Benders' decomposition is a popular choice when solving optimization problems with complicating variables. Implementations are often problem dependent, or at least require the user to specify the master and sub-problems. In the past, attempts have been made to detect automatically suitable structure in the constraint matrix of generic (mixed-integer) linear programmes. In this talk we discuss an extension of this approach to quadratic programming and will cover different approaches to finding suitable structure in the constraint and Hessian matrices. Initial numerical results will be given.

12:20

Tim Mitchell

joint work with Frank E. Curtis, Michael Overton

Relative Minimization Profiles: A Different Perspective for Benchmarking Optimization and Other Numerical Software

We present relative minimization profiles (RMPs) for benchmarking general optimization methods and other numerical algorithms.

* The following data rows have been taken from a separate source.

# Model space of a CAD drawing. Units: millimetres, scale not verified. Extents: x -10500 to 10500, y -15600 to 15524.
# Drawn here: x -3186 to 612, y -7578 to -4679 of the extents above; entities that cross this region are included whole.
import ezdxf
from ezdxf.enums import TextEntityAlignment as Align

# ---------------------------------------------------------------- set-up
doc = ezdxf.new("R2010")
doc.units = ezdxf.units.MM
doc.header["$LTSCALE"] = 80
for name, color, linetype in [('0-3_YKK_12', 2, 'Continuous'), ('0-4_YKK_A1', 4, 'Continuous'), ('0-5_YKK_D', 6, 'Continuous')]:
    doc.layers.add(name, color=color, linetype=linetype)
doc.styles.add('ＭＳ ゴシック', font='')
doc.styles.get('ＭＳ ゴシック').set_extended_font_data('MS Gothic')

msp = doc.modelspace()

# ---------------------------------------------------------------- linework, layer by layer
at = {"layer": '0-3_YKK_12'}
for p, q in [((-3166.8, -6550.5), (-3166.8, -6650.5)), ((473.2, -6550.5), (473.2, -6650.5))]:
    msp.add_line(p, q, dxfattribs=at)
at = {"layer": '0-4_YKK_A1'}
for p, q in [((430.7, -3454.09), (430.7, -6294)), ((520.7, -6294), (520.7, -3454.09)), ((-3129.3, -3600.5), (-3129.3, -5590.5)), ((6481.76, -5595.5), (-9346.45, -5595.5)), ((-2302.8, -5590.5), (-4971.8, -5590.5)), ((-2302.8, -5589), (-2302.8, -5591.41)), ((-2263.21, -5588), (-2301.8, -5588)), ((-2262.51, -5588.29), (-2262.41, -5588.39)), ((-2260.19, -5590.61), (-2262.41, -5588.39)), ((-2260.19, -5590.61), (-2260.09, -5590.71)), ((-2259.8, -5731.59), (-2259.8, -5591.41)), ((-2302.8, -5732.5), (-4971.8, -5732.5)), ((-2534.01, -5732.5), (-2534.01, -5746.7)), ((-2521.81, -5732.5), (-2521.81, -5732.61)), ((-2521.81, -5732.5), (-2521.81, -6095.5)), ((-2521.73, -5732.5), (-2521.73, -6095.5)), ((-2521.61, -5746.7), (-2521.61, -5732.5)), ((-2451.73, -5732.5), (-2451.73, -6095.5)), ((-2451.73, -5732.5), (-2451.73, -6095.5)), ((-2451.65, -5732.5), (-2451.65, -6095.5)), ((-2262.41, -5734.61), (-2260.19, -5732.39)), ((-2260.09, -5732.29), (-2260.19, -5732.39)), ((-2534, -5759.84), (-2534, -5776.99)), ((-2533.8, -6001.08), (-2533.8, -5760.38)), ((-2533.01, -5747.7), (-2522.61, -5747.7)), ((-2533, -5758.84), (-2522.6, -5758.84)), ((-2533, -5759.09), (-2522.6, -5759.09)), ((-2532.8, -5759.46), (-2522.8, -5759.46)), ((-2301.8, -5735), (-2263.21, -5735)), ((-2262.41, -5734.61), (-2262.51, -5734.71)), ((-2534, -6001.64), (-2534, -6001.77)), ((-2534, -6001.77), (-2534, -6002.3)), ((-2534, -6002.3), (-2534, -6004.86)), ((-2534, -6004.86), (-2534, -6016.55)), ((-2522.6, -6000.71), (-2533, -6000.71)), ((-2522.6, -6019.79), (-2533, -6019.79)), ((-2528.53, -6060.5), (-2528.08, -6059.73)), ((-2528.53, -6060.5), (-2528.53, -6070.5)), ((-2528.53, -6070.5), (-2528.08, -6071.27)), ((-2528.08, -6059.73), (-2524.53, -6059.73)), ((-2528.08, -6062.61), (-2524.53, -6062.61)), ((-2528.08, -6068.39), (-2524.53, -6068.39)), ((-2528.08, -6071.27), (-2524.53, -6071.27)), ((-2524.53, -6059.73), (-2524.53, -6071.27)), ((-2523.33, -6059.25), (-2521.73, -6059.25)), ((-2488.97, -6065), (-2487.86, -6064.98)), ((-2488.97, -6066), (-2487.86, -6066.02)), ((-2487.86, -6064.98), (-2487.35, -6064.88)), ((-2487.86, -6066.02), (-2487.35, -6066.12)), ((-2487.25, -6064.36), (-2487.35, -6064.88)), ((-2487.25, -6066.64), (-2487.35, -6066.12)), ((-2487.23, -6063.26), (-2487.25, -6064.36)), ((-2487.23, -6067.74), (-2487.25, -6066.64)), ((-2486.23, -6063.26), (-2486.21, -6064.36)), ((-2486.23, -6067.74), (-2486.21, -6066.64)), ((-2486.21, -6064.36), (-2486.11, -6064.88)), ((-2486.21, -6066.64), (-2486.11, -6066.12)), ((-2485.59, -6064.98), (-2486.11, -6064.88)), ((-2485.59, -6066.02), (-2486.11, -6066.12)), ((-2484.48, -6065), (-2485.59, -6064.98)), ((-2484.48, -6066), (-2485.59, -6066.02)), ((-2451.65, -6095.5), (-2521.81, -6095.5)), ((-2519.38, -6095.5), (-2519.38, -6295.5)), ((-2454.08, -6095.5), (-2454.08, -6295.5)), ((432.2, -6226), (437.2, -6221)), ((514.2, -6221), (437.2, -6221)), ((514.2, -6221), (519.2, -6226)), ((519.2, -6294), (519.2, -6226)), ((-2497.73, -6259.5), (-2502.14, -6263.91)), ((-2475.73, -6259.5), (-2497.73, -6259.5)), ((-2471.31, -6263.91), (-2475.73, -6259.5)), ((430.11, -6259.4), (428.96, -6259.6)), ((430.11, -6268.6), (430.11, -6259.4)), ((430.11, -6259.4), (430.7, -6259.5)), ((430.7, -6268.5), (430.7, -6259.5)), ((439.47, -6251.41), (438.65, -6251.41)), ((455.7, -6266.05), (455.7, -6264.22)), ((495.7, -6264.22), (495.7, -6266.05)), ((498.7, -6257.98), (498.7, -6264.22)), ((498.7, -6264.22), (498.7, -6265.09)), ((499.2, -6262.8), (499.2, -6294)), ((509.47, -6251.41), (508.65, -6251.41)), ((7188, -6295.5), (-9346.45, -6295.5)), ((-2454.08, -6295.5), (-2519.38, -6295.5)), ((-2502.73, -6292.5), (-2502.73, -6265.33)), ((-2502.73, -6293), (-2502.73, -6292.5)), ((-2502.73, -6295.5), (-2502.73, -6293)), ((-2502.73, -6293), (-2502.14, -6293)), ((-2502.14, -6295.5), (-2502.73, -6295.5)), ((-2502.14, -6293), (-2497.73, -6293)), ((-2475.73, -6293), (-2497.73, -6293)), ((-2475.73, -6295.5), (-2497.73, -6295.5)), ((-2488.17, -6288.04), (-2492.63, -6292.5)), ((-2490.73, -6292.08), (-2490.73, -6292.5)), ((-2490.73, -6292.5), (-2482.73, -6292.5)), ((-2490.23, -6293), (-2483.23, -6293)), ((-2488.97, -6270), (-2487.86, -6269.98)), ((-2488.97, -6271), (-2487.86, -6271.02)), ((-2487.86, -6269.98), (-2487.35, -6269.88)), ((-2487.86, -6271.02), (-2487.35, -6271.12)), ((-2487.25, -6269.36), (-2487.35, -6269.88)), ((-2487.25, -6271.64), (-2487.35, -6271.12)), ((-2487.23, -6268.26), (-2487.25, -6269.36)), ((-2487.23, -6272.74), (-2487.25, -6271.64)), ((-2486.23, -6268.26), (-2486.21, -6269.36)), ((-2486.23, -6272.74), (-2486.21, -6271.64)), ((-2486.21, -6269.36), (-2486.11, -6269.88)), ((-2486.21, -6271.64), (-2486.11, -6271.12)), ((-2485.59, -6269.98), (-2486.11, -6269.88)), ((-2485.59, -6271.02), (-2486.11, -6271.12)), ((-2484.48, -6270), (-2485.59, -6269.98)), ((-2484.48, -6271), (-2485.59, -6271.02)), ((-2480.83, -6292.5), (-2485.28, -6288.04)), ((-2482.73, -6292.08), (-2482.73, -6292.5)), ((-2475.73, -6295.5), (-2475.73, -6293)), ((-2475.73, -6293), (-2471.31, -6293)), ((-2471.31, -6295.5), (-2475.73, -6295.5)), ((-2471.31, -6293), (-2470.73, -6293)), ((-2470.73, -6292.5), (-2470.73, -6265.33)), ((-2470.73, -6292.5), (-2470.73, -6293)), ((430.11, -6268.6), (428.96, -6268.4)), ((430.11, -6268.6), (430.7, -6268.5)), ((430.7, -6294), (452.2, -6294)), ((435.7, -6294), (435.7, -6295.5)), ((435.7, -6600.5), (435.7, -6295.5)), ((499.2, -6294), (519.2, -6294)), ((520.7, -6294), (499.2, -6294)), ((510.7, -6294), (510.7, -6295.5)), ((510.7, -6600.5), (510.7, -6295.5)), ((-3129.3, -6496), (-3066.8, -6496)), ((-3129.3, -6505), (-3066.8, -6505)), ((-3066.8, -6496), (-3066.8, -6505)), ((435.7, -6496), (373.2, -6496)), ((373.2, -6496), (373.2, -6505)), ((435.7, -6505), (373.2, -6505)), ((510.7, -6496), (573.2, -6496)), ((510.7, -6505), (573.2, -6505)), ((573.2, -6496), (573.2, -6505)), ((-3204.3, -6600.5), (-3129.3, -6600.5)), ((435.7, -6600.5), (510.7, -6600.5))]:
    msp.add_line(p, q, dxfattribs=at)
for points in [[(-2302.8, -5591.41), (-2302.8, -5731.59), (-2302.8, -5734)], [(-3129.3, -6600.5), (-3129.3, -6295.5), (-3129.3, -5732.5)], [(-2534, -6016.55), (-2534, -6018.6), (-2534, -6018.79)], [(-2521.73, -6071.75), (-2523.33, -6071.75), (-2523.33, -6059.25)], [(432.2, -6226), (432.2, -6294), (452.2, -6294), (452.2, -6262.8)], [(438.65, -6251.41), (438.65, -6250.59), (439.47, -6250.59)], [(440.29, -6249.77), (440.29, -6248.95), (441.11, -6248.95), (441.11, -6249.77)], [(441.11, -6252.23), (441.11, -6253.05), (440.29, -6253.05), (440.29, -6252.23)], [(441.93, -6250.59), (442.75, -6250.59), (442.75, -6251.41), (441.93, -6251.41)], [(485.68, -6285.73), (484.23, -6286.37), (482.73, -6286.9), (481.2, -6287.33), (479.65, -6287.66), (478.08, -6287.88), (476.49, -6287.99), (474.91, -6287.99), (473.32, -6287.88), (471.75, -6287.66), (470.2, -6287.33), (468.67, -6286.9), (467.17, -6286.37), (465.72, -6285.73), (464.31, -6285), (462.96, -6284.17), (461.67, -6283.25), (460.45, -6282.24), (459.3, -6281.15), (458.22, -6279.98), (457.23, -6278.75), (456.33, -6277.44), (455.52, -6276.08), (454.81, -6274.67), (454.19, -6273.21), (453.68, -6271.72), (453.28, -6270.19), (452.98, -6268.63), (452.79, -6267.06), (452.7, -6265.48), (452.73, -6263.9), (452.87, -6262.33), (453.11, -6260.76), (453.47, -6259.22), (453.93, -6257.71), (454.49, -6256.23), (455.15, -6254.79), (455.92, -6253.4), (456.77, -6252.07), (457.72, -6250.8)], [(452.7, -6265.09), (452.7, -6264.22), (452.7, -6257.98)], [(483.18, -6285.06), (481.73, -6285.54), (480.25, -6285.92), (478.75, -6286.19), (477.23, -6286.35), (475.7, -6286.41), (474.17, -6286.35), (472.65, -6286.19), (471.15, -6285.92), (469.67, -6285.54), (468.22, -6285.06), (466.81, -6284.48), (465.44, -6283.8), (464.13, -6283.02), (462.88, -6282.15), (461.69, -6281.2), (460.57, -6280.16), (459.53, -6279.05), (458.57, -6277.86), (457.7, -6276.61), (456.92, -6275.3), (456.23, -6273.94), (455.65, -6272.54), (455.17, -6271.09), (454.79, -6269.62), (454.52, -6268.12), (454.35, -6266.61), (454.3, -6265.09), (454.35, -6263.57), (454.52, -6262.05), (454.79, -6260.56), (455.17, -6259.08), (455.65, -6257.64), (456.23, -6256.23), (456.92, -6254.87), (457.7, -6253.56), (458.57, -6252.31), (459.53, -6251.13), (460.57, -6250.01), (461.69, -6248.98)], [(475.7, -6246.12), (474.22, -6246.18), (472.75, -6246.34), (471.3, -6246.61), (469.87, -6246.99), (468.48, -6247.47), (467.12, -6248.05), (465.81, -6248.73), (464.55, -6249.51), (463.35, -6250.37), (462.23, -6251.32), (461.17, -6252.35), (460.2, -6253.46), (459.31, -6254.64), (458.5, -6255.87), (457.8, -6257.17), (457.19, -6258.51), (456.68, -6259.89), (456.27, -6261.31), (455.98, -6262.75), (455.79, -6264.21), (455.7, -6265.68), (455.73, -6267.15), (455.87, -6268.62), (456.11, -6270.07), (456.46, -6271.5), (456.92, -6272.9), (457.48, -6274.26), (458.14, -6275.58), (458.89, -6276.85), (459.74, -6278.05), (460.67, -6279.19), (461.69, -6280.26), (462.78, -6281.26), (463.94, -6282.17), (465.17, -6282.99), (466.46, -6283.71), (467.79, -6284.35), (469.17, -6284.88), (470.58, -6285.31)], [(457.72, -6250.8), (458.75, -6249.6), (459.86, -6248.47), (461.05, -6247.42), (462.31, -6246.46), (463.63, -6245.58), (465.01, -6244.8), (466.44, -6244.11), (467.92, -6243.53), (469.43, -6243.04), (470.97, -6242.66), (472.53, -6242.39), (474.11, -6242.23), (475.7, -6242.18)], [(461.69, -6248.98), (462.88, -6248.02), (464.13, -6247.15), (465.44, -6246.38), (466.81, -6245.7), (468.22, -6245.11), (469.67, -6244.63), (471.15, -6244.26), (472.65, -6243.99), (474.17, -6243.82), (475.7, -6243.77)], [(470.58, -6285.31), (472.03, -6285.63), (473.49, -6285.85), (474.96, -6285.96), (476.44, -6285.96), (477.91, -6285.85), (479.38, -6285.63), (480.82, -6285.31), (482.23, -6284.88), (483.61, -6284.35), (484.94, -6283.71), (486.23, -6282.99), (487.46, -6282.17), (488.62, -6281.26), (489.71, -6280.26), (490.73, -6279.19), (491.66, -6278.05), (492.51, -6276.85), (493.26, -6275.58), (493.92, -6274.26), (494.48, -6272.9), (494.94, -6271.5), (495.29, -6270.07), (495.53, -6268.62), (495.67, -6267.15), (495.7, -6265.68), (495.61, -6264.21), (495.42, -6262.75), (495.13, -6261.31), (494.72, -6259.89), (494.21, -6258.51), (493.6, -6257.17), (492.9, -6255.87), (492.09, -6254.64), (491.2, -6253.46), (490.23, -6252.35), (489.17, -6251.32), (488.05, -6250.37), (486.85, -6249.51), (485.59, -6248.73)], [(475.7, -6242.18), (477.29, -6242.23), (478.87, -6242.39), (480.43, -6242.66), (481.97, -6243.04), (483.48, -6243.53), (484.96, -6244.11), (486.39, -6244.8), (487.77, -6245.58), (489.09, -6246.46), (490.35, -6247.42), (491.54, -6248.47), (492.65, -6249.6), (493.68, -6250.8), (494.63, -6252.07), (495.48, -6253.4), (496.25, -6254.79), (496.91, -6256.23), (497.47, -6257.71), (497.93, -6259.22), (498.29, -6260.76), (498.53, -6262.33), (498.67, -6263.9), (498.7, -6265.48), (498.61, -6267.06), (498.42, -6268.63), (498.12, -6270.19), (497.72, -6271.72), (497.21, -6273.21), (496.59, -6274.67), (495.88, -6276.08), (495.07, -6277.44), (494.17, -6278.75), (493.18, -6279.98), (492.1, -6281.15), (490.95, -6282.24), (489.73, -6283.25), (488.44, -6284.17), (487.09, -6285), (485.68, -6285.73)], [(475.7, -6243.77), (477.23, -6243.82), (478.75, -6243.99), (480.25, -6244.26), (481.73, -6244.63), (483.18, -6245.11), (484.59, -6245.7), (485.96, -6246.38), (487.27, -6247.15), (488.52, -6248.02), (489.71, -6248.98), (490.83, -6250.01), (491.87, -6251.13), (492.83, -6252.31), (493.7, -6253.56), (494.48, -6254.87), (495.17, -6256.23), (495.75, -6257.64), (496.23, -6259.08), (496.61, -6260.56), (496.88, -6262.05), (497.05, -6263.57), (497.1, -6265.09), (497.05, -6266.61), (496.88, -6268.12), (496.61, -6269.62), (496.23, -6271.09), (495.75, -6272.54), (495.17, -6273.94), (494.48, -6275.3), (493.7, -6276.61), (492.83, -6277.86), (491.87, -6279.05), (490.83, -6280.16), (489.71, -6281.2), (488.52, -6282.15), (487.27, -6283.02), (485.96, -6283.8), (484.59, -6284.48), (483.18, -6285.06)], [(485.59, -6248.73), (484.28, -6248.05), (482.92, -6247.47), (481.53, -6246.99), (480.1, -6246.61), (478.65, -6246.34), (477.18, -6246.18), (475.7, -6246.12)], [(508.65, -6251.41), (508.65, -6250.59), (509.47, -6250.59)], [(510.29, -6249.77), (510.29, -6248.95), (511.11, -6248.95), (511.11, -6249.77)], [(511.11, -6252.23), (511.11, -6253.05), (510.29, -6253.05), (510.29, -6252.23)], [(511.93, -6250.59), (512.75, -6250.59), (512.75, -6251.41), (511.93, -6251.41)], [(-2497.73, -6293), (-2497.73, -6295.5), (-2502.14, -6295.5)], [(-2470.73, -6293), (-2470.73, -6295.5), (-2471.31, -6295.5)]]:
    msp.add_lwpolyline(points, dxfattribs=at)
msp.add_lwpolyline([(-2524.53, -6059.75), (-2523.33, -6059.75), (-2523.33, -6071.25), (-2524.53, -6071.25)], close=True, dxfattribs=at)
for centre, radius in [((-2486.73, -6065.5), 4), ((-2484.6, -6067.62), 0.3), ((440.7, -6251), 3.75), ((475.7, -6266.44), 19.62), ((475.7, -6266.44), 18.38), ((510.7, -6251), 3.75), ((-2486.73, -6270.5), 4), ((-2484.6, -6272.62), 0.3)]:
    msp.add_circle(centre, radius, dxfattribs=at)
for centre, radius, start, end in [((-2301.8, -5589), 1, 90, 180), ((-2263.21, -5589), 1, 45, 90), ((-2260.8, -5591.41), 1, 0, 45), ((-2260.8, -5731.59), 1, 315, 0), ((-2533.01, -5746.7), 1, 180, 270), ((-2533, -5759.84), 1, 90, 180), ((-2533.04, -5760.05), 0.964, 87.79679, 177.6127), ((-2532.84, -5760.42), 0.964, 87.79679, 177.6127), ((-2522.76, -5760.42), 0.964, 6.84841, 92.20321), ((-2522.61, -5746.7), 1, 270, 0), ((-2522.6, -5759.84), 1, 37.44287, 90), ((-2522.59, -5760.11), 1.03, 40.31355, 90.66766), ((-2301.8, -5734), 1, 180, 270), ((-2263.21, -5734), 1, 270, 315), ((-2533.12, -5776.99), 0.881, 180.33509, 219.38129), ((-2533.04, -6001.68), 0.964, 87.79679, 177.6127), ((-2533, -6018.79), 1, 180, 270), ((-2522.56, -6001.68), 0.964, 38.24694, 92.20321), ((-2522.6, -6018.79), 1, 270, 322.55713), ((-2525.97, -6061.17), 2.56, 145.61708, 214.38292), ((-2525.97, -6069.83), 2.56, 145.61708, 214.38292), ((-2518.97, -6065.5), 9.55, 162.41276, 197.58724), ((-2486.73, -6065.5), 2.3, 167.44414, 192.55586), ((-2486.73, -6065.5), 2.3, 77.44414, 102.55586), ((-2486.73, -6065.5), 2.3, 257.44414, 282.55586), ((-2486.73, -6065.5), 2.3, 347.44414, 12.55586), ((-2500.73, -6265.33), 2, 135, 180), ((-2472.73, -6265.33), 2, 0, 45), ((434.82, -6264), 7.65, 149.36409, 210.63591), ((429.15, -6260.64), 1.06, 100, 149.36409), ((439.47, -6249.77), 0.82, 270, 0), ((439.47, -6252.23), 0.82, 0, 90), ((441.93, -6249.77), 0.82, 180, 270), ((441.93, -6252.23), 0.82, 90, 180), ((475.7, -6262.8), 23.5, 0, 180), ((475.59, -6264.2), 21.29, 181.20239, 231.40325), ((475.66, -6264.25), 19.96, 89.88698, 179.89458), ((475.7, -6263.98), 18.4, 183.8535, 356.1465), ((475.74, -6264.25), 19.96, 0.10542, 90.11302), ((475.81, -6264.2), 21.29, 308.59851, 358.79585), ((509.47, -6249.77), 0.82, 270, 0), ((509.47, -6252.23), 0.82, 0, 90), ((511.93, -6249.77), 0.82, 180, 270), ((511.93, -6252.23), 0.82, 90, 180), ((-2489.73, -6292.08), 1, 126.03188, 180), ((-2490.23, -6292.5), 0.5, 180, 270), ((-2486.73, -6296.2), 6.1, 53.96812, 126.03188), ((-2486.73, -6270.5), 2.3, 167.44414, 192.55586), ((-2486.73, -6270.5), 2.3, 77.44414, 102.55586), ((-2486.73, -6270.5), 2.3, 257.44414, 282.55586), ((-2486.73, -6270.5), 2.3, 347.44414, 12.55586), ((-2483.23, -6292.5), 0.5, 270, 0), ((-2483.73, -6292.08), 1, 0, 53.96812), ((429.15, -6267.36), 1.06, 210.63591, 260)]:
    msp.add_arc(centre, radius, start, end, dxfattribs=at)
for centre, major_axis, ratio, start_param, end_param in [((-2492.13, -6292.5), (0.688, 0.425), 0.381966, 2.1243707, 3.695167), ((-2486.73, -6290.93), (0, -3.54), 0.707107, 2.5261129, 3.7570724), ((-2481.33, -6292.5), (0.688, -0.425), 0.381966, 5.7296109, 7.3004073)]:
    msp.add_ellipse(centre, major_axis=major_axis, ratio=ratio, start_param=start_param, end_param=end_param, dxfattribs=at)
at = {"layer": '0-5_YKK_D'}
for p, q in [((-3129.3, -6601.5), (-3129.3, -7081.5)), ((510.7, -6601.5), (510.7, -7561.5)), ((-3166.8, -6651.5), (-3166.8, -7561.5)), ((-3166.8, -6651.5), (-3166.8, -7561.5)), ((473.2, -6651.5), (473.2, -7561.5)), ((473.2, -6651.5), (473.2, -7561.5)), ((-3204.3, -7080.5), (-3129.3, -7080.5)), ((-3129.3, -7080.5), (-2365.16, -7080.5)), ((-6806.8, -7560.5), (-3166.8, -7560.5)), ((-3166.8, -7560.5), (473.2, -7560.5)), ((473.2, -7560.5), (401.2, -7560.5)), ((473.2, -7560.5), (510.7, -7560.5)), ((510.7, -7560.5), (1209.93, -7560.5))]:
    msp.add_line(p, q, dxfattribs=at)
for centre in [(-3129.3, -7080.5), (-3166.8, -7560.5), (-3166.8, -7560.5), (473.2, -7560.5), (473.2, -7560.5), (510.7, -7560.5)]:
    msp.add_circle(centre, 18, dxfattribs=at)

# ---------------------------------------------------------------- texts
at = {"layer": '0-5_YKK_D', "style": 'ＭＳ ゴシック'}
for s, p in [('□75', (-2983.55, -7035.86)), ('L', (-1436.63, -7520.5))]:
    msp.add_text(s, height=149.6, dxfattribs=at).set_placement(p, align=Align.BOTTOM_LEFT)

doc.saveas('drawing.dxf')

Many other visualization tools, e.g., performance profiles, consider success as binary: was a problem “solved” or not. RMPs instead consider degrees of success, from obtaining solutions to machine precision to just finding feasible ones. RMPs concisely show how methods compare in terms of the amount of minimization or accuracy attained, finding feasible solutions, and speed of progress, i.e., how overall solution quality changes for different computational budgets.